Connessioni in cantina per certificazioni più efficienti.
Abbiamo già parlato, in altre sedi, della partecipazione di Valoritalia al Progetto IOF2020, da poco concluso, finanziato dalla Commissione Europea col fine di comprendere come l’Internet delle cose (IOT) potrà cambiare l’agricoltura del futuro.
Valoritalia si è occupata, nello specifico, del rapporto tra IoT e certificazione. Ora che l’esperienza è terminata, è il caso di chiedersi se, in concreto, l’IoT e la digitalizzazione possono rendere più leggero e più sicuro il processo di certificazione dal punto di vista del produttore.
Inizio il mio ragionamento definendo la certificazione: serve ad assicurare che il prodotto o il processo produttivo corrispondano a un disciplinare al quale si è deciso di aderire.
L’imprenditore nel perseguire lo scopo di un prodotto con determinate caratteristiche, infatti, deve considerare elementi che sono di difficile controllo:
• i fattori produttivi ricevuti differiscono da quelli attesi,
• la qualità del lavoro in azienda non corrisponde alle aspettative,
• nel fortunato caso in cui la qualità del lavoro corrisponde alle aspettative, si compiono comunque errori,
• manca sempre tempo.
La certificazione presuppone che un organismo terzo esterno e imparziale effettui controlli per verificare che ciò che viene prodotto corrisponda a quanto previsto dal disciplinare.
Per il produttore l’adesione a un processo di certificazione comporta, oltre a un esborso monetario soprattutto l’uso di tempo: per trasmettere documenti, compilare registri e partecipare a visite ispettive. La prima considerazione sulla digitalizzazione riguarda proprio il tempo. La digitalizzazione, trasforma ciò che è cartaceo in bit, ma per compilare un registro digitale si spende più tempo rispetto a quello che si perde con registro fisico e spesso servono competenze informatiche.
Una volta che il dato è digitalizzato, diventa tuttavia possibile riutilizzarlo.

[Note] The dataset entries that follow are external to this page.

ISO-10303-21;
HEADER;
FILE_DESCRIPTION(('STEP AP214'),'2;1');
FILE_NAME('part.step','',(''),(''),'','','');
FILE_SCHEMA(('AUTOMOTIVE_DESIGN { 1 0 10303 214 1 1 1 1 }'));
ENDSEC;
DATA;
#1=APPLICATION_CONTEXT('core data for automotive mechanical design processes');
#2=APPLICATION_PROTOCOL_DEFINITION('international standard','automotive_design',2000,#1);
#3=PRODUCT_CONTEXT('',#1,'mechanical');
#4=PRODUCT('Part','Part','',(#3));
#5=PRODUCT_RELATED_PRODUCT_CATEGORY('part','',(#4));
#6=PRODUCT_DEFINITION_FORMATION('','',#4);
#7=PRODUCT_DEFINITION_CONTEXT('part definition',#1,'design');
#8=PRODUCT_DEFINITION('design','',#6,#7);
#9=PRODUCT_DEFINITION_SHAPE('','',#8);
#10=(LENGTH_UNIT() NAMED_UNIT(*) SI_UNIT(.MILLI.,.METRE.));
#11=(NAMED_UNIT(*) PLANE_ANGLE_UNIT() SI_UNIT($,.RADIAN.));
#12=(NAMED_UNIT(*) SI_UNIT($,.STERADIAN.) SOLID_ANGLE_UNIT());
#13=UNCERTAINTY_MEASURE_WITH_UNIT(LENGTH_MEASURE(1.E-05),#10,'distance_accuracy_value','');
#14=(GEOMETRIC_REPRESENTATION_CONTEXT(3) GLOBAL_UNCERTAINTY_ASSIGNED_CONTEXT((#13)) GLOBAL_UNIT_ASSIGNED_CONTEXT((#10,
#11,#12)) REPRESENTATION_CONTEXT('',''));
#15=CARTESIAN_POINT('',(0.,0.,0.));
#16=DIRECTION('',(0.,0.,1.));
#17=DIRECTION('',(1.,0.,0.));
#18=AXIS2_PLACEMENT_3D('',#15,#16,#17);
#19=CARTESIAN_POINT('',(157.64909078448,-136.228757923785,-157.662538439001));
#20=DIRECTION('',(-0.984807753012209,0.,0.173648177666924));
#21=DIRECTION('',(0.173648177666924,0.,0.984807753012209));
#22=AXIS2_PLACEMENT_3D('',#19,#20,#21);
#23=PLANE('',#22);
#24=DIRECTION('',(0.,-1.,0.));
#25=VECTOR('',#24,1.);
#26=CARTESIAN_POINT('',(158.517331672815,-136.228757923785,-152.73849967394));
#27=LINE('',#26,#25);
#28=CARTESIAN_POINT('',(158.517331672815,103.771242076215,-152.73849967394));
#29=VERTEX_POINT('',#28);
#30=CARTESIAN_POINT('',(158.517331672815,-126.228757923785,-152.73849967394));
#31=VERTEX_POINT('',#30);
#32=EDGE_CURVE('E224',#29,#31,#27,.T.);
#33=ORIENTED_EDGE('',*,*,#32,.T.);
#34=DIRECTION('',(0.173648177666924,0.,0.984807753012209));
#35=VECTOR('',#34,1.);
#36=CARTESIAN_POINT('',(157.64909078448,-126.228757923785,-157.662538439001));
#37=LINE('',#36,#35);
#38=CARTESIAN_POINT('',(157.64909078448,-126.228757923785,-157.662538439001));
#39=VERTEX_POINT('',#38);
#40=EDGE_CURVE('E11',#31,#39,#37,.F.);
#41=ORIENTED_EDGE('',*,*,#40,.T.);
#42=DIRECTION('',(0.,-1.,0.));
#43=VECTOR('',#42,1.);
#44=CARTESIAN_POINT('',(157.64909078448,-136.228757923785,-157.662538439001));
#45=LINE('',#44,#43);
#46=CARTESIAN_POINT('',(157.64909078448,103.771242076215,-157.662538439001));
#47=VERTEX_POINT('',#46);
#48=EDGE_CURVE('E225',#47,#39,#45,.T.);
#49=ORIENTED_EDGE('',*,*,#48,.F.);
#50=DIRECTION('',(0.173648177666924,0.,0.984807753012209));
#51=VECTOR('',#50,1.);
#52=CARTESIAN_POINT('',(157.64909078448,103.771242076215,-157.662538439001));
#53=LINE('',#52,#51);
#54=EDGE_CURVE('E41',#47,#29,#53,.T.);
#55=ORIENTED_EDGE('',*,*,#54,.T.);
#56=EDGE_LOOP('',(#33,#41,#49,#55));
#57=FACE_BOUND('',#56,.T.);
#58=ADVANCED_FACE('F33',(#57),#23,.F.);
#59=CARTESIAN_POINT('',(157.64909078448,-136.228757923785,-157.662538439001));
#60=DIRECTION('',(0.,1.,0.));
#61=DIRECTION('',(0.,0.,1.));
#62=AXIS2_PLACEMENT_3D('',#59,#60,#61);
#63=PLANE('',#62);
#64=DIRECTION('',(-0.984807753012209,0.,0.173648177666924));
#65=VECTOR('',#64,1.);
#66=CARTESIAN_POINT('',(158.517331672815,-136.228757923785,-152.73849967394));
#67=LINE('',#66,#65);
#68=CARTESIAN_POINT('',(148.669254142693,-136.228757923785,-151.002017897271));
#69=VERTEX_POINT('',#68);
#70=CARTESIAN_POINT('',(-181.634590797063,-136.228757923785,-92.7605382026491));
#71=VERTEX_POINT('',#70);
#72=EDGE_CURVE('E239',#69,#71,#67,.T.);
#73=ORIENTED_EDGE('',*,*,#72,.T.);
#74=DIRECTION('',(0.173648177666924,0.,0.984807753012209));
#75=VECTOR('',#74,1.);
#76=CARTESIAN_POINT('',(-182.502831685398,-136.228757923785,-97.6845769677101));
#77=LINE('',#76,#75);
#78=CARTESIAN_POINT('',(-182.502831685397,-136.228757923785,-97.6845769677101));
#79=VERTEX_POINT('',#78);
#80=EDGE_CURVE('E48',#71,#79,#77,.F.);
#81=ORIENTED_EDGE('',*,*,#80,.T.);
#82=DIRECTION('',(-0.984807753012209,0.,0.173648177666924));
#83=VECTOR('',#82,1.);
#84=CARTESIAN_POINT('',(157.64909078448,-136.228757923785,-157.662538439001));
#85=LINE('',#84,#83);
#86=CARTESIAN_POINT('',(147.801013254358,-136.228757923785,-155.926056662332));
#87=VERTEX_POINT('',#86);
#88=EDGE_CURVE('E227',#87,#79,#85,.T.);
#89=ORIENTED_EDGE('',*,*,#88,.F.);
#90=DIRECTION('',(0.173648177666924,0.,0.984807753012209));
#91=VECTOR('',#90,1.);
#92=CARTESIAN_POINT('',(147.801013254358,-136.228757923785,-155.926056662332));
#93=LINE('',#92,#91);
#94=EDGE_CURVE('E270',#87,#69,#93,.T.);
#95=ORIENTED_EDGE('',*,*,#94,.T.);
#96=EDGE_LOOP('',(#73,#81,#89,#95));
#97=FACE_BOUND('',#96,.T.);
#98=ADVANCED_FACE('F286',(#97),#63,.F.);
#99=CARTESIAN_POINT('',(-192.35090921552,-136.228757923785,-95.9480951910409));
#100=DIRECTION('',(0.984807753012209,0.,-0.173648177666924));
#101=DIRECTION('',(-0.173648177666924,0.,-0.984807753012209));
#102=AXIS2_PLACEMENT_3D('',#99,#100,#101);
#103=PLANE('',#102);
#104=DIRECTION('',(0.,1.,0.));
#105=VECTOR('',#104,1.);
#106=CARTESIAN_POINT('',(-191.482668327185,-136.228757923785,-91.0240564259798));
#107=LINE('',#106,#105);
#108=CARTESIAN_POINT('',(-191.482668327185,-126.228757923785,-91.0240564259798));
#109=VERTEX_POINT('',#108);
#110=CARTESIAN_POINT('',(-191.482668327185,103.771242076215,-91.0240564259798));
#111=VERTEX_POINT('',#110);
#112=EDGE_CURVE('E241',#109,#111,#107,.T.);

Se il dato digitale viene prodotto e usato nel processo produttivo, ad esempio per contabilizzare i costi, il tempo da dedicare alla certificazione diminuisce. Viceversa, se il dato deve essere ri-digitalizzato ogni volta, il tempo sprecato aumenta notevolmente.
Pensiamo a cosa è successo con la comparsa del registro dematerializzato. Il tempo per compilare il registro è aumentato, i piccoli produttori spesso si rivolgono a un consulente che li supporti, per mancanza di tempo o scarse conoscenze informatiche. Tuttavia, grazie a questo strumento, la certificazione si è semplificata: i dati in possesso di Valoritalia sono allineati a quelli della cantina e del gestionale di cantina. Tutta l’attività ispettiva in cantina si è semplificata.
La seconda considerazione riguarda la quantità di dati prodotti per e richiesti dalla digitalizzazione. Digitalizzare significa anche gestire in maniera automatica, o quasi, dati che provengono dalla più svariate fonti.
Pensiamo a quante informazioni si possono estrarre da un trattore a guida semiautomatica e quante ne servono per farlo funzionare. Oggi stiamo imparando a vedere un nuovo mondo con occhi digitali, ma non sappiamo osservarlo, dobbiamo ancora imparare a mettere a fuoco solo quello che ci serve e non il tutto. Tendiamo a raccogliere e usare dati che non producono informazione: è importante focalizzare bene l’attenzione sui dati realmente utili per risparmiare tempo utile, sia per i produttori, sia per gli organismi di certificazione.
La mia ultima considerazione relativa al rapporto tra certificazione e digitalizzazione riguarda l’errore. Ogni volta che trasferiamo dei dati in maniera manuale compiamo degli errori di trascrizione. La macchina in questo caso permette di limitare la generazione di errori. Capita che le non conformità siano il frutto di semplici errori di battitura compiuti in azienda o, ad es. nel CAA ed è complicato per il produttore accettare di essere sanzionato per cause come queste, non imputabili al suo operato. In questo caso la digitalizzazione semplifica il rapporto tra produttore e Organismo di Certificazione. La digitalizzazione sicuramente rende la certificazione più sicura: riduce l’errore umano e richiede personale con competenze specifiche e in futuro sostituirà parte del lavoro umano.
In conclusione, tornando alla domanda inziale: la digitalizzazione sembra essere uno strumento fondamentale per alleggerire il lavoro di certificazione, a una condizione però: che sia possibile usare (e riutilizzare) il dato digitalizzato. Dal canto loro gli OdC possono contribuire a snellire le procedure facendo attenzione a richiedere informazioni digitali già presenti in azienda.